Aim of the task >> Report every line of the records that contains the word "normal".

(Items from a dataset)

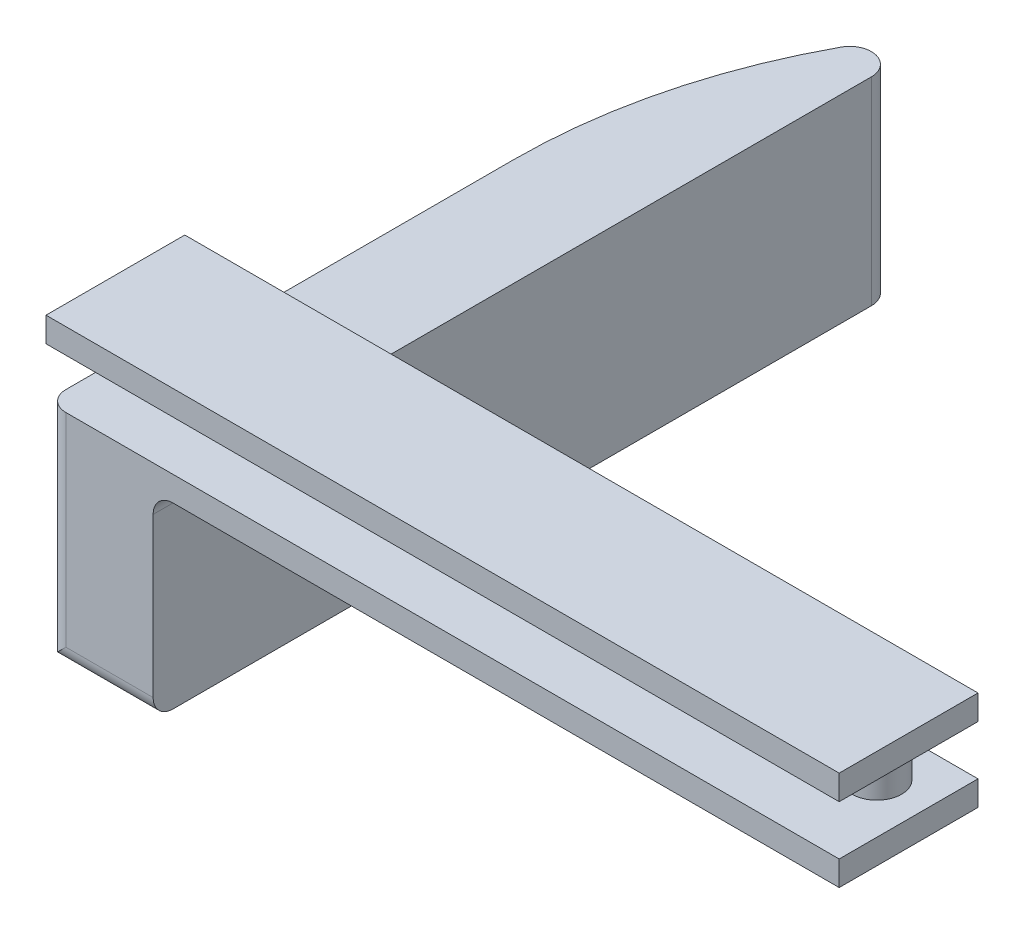
SolidWorks part; units mm, degrees
ref_plane "Front Plane" through (0, 0, 0) normal (0, 0, 1) x (1, 0, 0)
ref_plane "Top Plane" through (0, 0, 0) normal (0, 1, 0) x (1, 0, 0)
ref_plane "Right Plane" through (0, 0, 0) normal (1, 0, 0) x (0, 0, -1)
sketch "Sketch2" plane through (0, 0, 0) normal (0, 1, 0) x (1, 0, 0)
  line L1 (0, 0) -> (101.6, 0)
  line L2 (0, 0) -> (0, 17.78)
  line L3 (0, 17.78) -> (101.6, 17.78)
  line L4 (101.6, 0) -> (101.6, 17.78)
  dimension "D1" = 17.78
  dimension "D2" = 101.6
extrude "Boss-Extrude1" add sketch "Sketch2" along normal blind 3.175
sketch "Sketch3" plane through (0, 0, 0) normal (0, -1, 0) x (1, 0, 0)
  line L0 (95.25, -11.176) -> (6.35, -11.176) construction
  line L1 (95.25, -14.351) -> (6.35, -14.351)
  line L2 (95.25, -8.001) -> (6.35, -8.001)
  line L3 (0, 0) -> (101.6, 0) construction
  line L4 (0, -17.78) -> (0, 0) construction
  arc A0 (95.25, -14.351) -> (95.25, -8.001) centre (95.25, -11.176) ccw
  arc A1 (6.35, -8.001) -> (6.35, -14.351) centre (6.35, -11.176) ccw
  point P2 (50.8, -11.176)
  dimension "D1" = 88.9
  dimension "D2" = 11.176
  dimension "D3" = 6.35
  dimension "D4" = 6.35
extrude "Boss-Extrude2" add sketch "Sketch3" along normal blind 6.35 contours L2 A1 L1 A0
ref_plane "Plane1" through (0, -3.175, 0) normal (0, -1, 0) x (-1, 0, 0)
mirror "Mirror1" about plane through (0, -3.175, 0) normal (0, -1, 0) of "Boss-Extrude1"
sketch "Sketch5" plane through (0, -9.525, 0) normal (0, -1, 0) x (1, 0, 0)
  line L31 (0, 0) -> (13.7244, 0)
  line L32 (0, 0) -> (0, -59.8993)
  line L36 (13.7244, 0) -> (13.7244, -101.6)
  arc A2 (0, -59.8993) -> (13.7244, -101.6) centre (70.2144, -59.8993) ccw
  dimension "D1" = 101.6
extrude "Boss-Extrude3" add sketch "Sketch5" along normal blind 25.4
fillet "Fillet2" radius 2.794 1 edges at (13.7244, -22.225, -101.6)
fillet "Fillet3" radius 2.54 3 edges at (13.7244, -9.525, -8.89) (0, -20.6375, 0) (6.8622, -34.925, 0)

Final answer >>
ref_plane "Front Plane" through (0, 0, 0) normal (0, 0, 1) x (1, 0, 0)
ref_plane "Top Plane" through (0, 0, 0) normal (0, 1, 0) x (1, 0, 0)
ref_plane "Right Plane" through (0, 0, 0) normal (1, 0, 0) x (0, 0, -1)
sketch "Sketch2" plane through (0, 0, 0) normal (0, 1, 0) x (1, 0, 0)
extrude "Boss-Extrude1" add sketch "Sketch2" along normal blind 3.175
sketch "Sketch3" plane through (0, 0, 0) normal (0, -1, 0) x (1, 0, 0)
extrude "Boss-Extrude2" add sketch "Sketch3" along normal blind 6.35 contours L2 A1 L1 A0
ref_plane "Plane1" through (0, -3.175, 0) normal (0, -1, 0) x (-1, 0, 0)
mirror "Mirror1" about plane through (0, -3.175, 0) normal (0, -1, 0) of "Boss-Extrude1"
sketch "Sketch5" plane through (0, -9.525, 0) normal (0, -1, 0) x (1, 0, 0)
extrude "Boss-Extrude3" add sketch "Sketch5" along normal blind 25.4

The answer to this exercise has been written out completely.